Today Mara is sixteen. Where has the time gone? I've missed these last few precious years of her life. But in her card I wrote this, from Psalm 16:
"You will fill me with joy in your presence."
"All's grace," I read in a new book. Injustice? Selfish moments? Illness? All's grace, and we can
always give thanks, because the ingratitude was the Fall and our God redeems all and if only we have eyes to see. And if your eyes are bad, get some glasses, or the Word of God. If that doesn't work, it might just take time. Hindsight is twenty-twenty and Moses saw God's back after he had passed by.
I feel oppressed, lying in this prison bed. Door closed, life of my child noisily fleeting outside. I carried him and I still carry him in my heart yet I can't get to him. Didn't Christ come to free captives from dark rooms? Is oppression just an illusion? Or maybe it is a window. Look through the glass and see the grace behind this dark. Somewhere...
How to wait patiently in dark pain, wait for relief, world waiting outside,
and instead count gifts... I stare at the light on the floor, tiny patch under curtain. Fan blades above that look like wings. I count gifts. Because God is always present and always there is joy in his presence.
Soft bed
Silence
Room-darkening curtains
Time to pray
Yes, all these gifts. Grace is here. But these I've already counted, before and before and before. What else is here in this small room without pictures or decorations? I pray for owl eyes, to see in the dark.

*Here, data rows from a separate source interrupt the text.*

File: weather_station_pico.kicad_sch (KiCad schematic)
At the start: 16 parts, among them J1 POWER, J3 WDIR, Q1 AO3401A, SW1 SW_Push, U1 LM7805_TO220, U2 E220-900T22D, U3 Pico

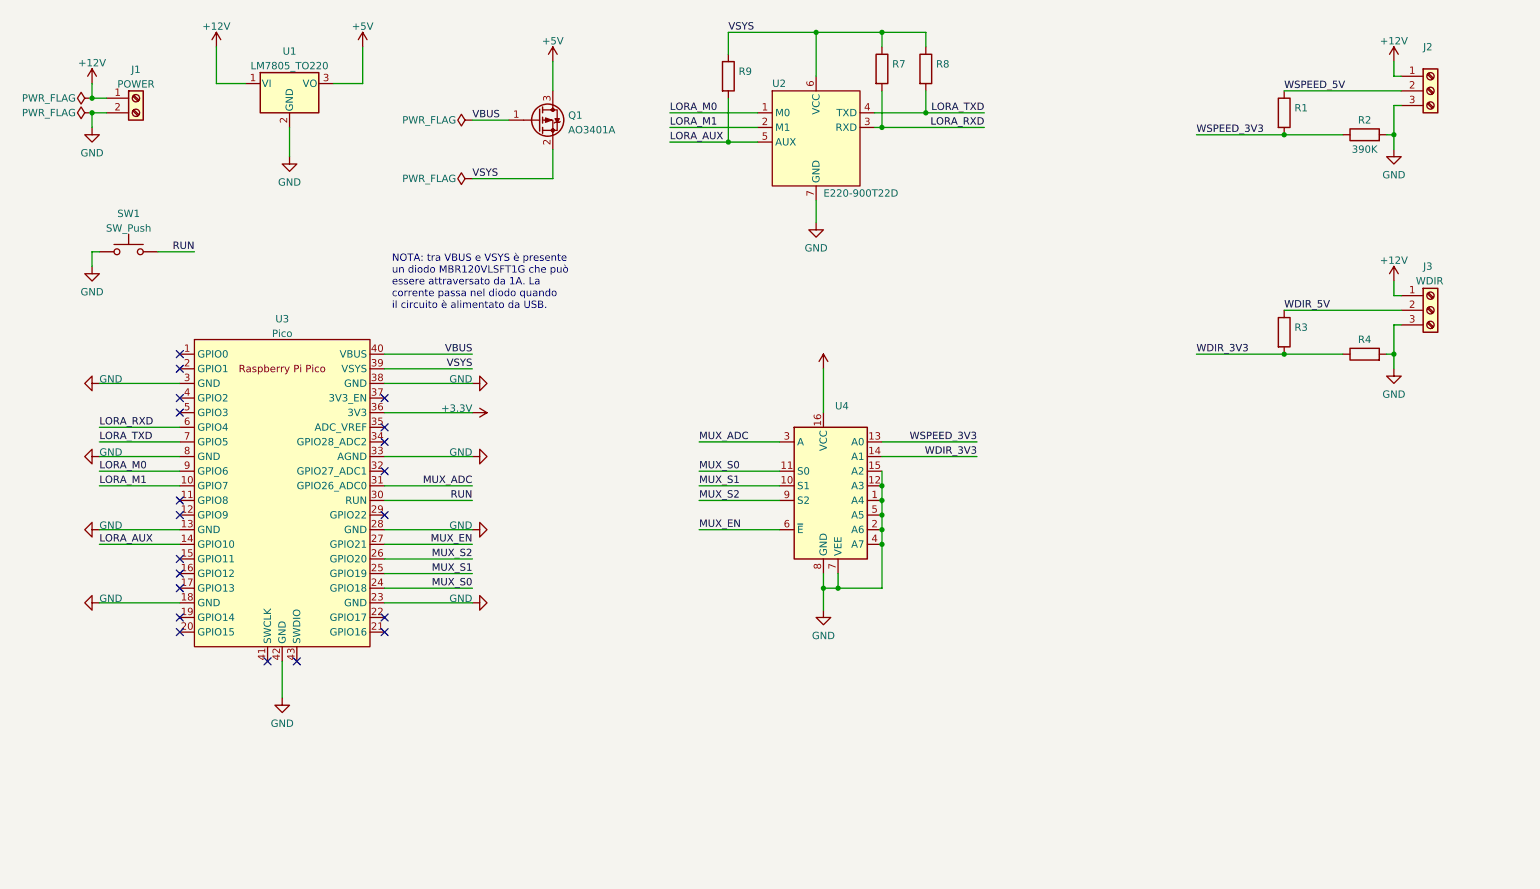
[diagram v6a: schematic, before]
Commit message: add i2c
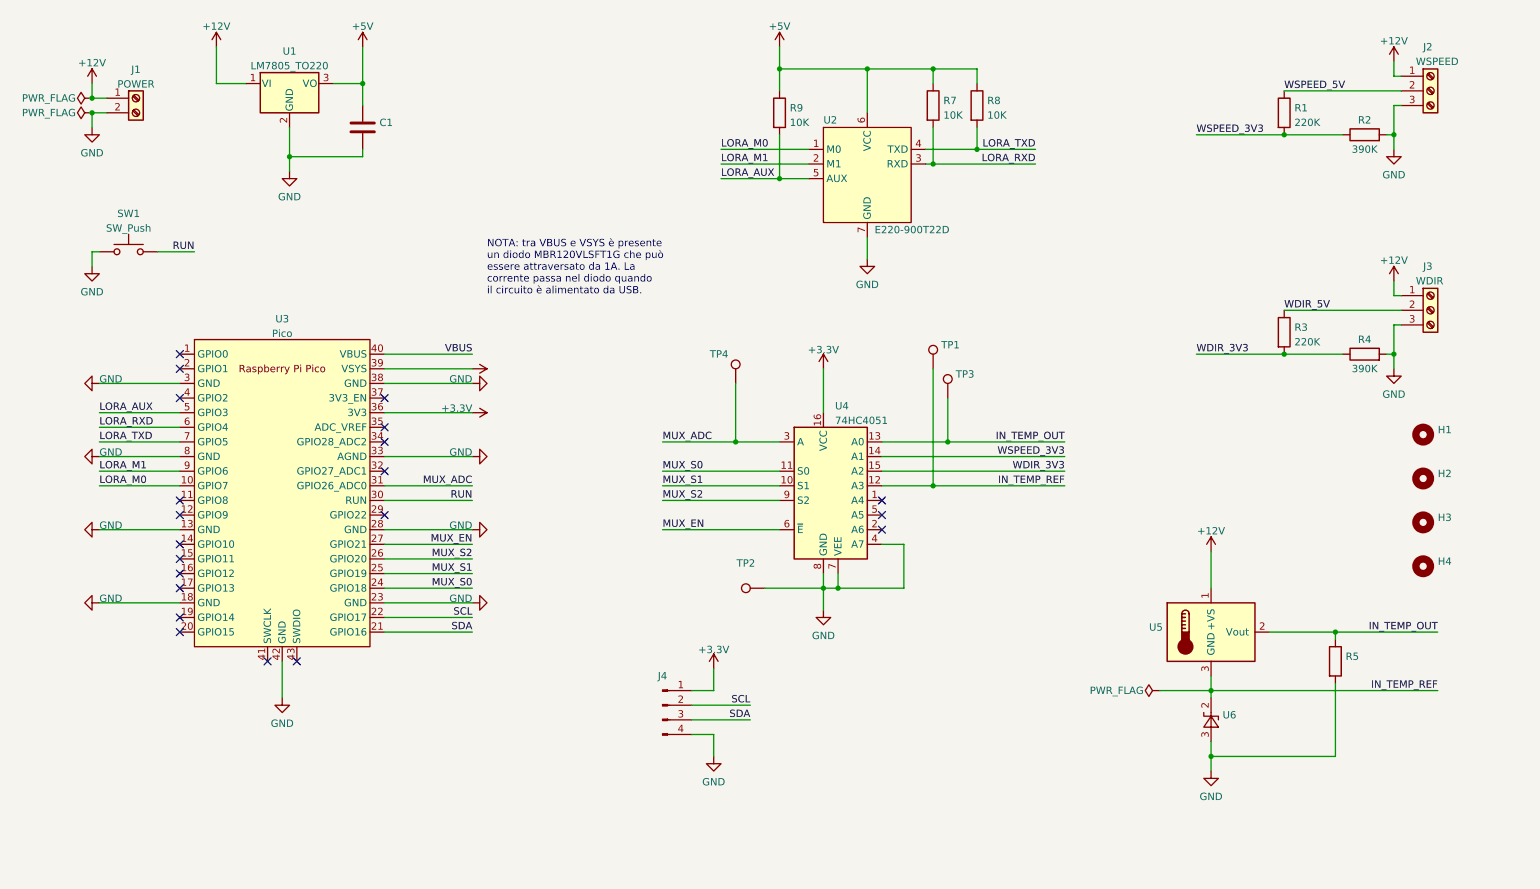
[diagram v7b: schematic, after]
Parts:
- removed Q1: AO3401A, Package_TO_SOT_SMD:SOT-23, symbol Transistor_FET:AO3401A
- added C1: (no value), symbol Device:C
- added H1, H2, H3, H4: (no value), symbol Mechanical:MountingHole
- added J4: (no value), symbol Connector:Conn_01x04_Male
- added R5: (no value), symbol Device:R
- added TP1: (no value), symbol Connector:TestPoint
- added TP2, TP3, TP4: (no value), TestPoint:TestPoint_Pad_D1.5mm, symbol Connector:TestPoint
- added U5: (no value), symbol Sensor_Temperature:LM35-LP
- added U6: (no value), symbol Reference_Voltage:LM385BZ-1.2
- J1: footprint (none) -> TerminalBlock_TE-Connectivity:TerminalBlock_TE_282834-2_1x02_P2.54mm_Horizontal
- J2: value (none) -> WSPEED; footprint (none) -> TerminalBlock_TE-Connectivity:TerminalBlock_TE_282834-3_1x03_P2.54mm_Horizontal
- J3: footprint (none) -> TerminalBlock_TE-Connectivity:TerminalBlock_TE_282834-3_1x03_P2.54mm_Horizontal
- R1, R3: value (none) -> 220K; footprint (none) -> Resistor_THT:R_Axial_DIN0207_L6.3mm_D2.5mm_P10.16mm_Horizontal
- R2: footprint (none) -> Resistor_THT:R_Axial_DIN0207_L6.3mm_D2.5mm_P10.16mm_Horizontal
- R4: value (none) -> 390K; footprint (none) -> Resistor_THT:R_Axial_DIN0207_L6.3mm_D2.5mm_P10.16mm_Horizontal
- R7, R8, R9: value (none) -> 10K; footprint (none) -> Resistor_THT:R_Axial_DIN0207_L6.3mm_D2.5mm_P10.16mm_Horizontal
- U3: footprint RPi_Pico:RPi_Pico_SMD_TH -> MCU_RaspberryPi_and_Boards:RPi_Pico_SMD_TH
- U4: value (none) -> 74HC4051; footprint (none) -> Package_DIP:DIP-16_W7.62mm
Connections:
- net VSYS is gone; now on net +5V: R7.1, R8.1, R9.1, U2.6 (VCC), U3.39 (VSYS)
- net +12V: now also U5.1 (+VS)
- net +3V3: now also J4.1 (Pin_1)
- net +5V: now also C1.1
- net GND: now also C1.2, J4.4 (Pin_4), R5.2, TP2.1, U6.3 (A); no longer U4.1 (A4), U4.12 (A3), U4.15 (A2), U4.2 (A6), U4.5 (A5)
- net LORA_AUX: now also U3.5 (GPIO3); no longer U3.14 (GPIO10)
- net LORA_M0: now also U3.10 (GPIO7); no longer U3.9 (GPIO6)
- net LORA_M1: now also U3.9 (GPIO6); no longer U3.10 (GPIO7)
- net MUX_ADC: now also TP4.1
- net WDIR_3V3: now also U4.15 (A2); no longer U4.14 (A1)
- net WSPEED_3V3: now also U4.14 (A1); no longer U4.13 (A0)
- net SDA: now reaches U3.21 (GPIO16)
- net SDA: now also J4.3 (Pin_3)
- net SCL: now reaches U3.22 (GPIO17)
- net SCL: now also J4.2 (Pin_2)
- new net IN_TEMP_OUT: R5.1, TP3.1, U4.13 (A0), U5.2 (Vout)
- new net IN_TEMP_REF: TP1.1, U4.12 (A3), U5.3 (GND), U6.2 (K)
- no-connect marks 20 -> 21
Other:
- moved on the sheet: R7, R8, R9, U2

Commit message: add i2c pull-up resistors
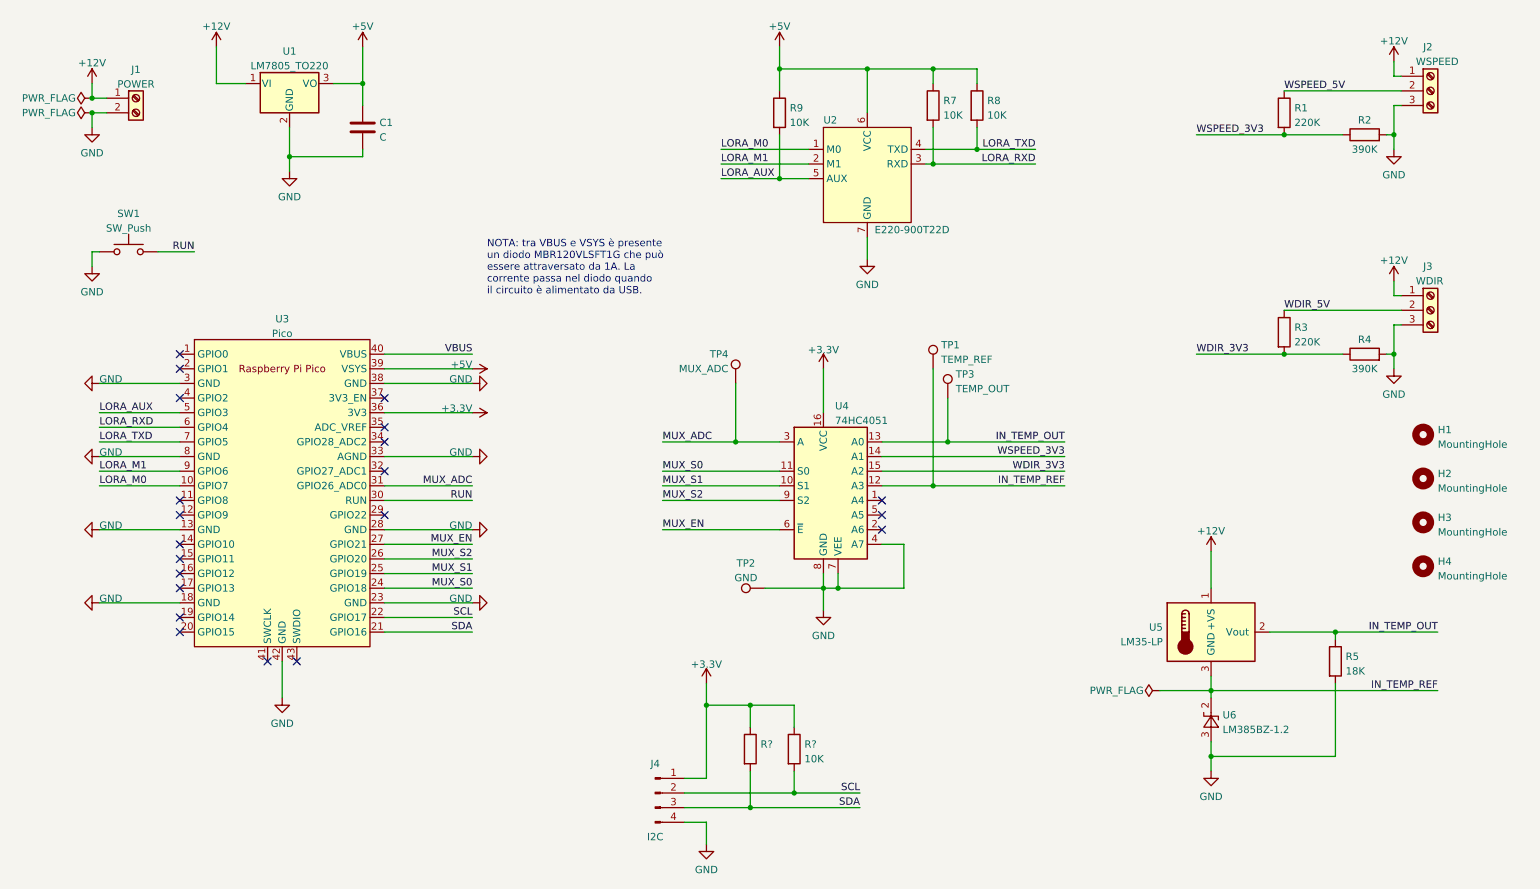
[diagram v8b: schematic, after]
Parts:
- added R?: (no value), Resistor_THT:R_Axial_DIN0207_L6.3mm_D2.5mm_P10.16mm_Horizontal, symbol Device:R
- added R?: 10K, Resistor_THT:R_Axial_DIN0207_L6.3mm_D2.5mm_P10.16mm_Horizontal, symbol Device:R
- C1: value (none) -> C; footprint (none) -> Capacitor_THT:C_Disc_D5.0mm_W2.5mm_P5.00mm
- H1, H2, H3, H4: value (none) -> MountingHole; footprint (none) -> MountingHole:MountingHole_3.2mm_M3
- J4: value (none) -> I2C; footprint (none) -> Connector_JST:JST_XH_B4B-XH-A_1x04_P2.50mm_Vertical
- R5: value (none) -> 18K; footprint (none) -> Resistor_THT:R_Axial_DIN0207_L6.3mm_D2.5mm_P10.16mm_Horizontal
- TP1: value (none) -> TEMP_REF; footprint (none) -> TestPoint:TestPoint_Pad_D1.5mm
- TP2: value (none) -> GND
- TP3: value (none) -> TEMP_OUT
- TP4: value (none) -> MUX_ADC
- U5: value (none) -> LM35-LP; footprint (none) -> Package_TO_SOT_THT:TO-92L_Inline_Wide
- U6: value (none) -> LM385BZ-1.2; footprint (none) -> Package_TO_SOT_THT:TO-92_Inline
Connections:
- net +3V3: now also R?.1, R?.1
- net SCL: now also R?.2
- net SDA: now also R?.2
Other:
- moved on the sheet: J4

Which is worse, to be chronic or to be terminal? Every person who is chronic will ask this question. When it goes on and on and on, you wonder when there will be an end. And then you end up wondering if there will ever be an end, and maybe it won't get better until the ultimate end, death itself. When you are chronic, you can be thankful you are still here to see snippets of their growing up. To give them as much as possible. But when you are terminal, your comfort is in knowing the pain is winding down, ending for both of you.
It doesn't matter, she says. Either way, the end is coming for all of us. The bigger question is, How will I spend these waking moments in between?
Our red fitted sheet grew a long hole in it. It wore thin and tore. I teased Shane that it tore because he is large and always destroys things. But we both know how much time I have spent in this bed the last few years.
Bible study basics, getting out of the comfort zone or slowing life down or realizing the need for God – those are no-brainers now. Just normal life. What I
need is the ability to stand long enough to do the dishes. Or to get my son a snack. To
live. To stand at the window and take in light and movement. Freedom to listen to a neighbor's starting car engine would sound like heavenly praise to me, fill my cup.
To always end up in the bed, days on end, life stops. Death seems near. Hope seems distant. But, I learn, the only thing I really need to be fully alive is this: Gratitude. Can I have that here? I practice.
Heavy new sheets
How do you continue naming moments – original ones – from solitary confinement? When all you can do is sleep through the late twenties, or lie awake in the dark, hours upon hours. How to hunt for God in dreams? What is there to see in the dark?
Even here,
the joy is even here, even now. I confess, I would like to see these grace moments, here. It would be so much better than praying, hoping, wishing for that imminent, ominous healing miracle minute after empty minute. Seeing any kind of
God-gift now has become more needful than revealing yet one more cause for repentance.
Dark, and quiet, and pain. They are enough? We can learn and glean from them, yes. But how long, O Lord? How long in the dark? How long until I can see beauty again?
It won't be
too long until the next gift. An hour more in the dark? A day? Joy will bust through that door and trounce to the bedside and say, "Hi, Mommy!"
The Mailman will call from route seven with his 742nd "Hang in there, honey. I'll be praying for you. I'll try to get done as soon as I can. I love you."
His voice
Little one's eyes
Gifts. There is always a gift, and gratitude precedes the joy, and joy keeps me alive.
Mom sends a text from downstairs: "You need to tell me how much longer you need me to stay."
She needs to get home to make her cherry dessert for dinner club. I don't answer. I don't know how. There is a hidden joy in this moment in the dark.
Please, Lord, let me see it.
Mom here
Healthy child
I am only beginning this business of counting blessings. And I'm beginning in the dark. But maybe with practice, God will shed more light, and I will learn to count higher.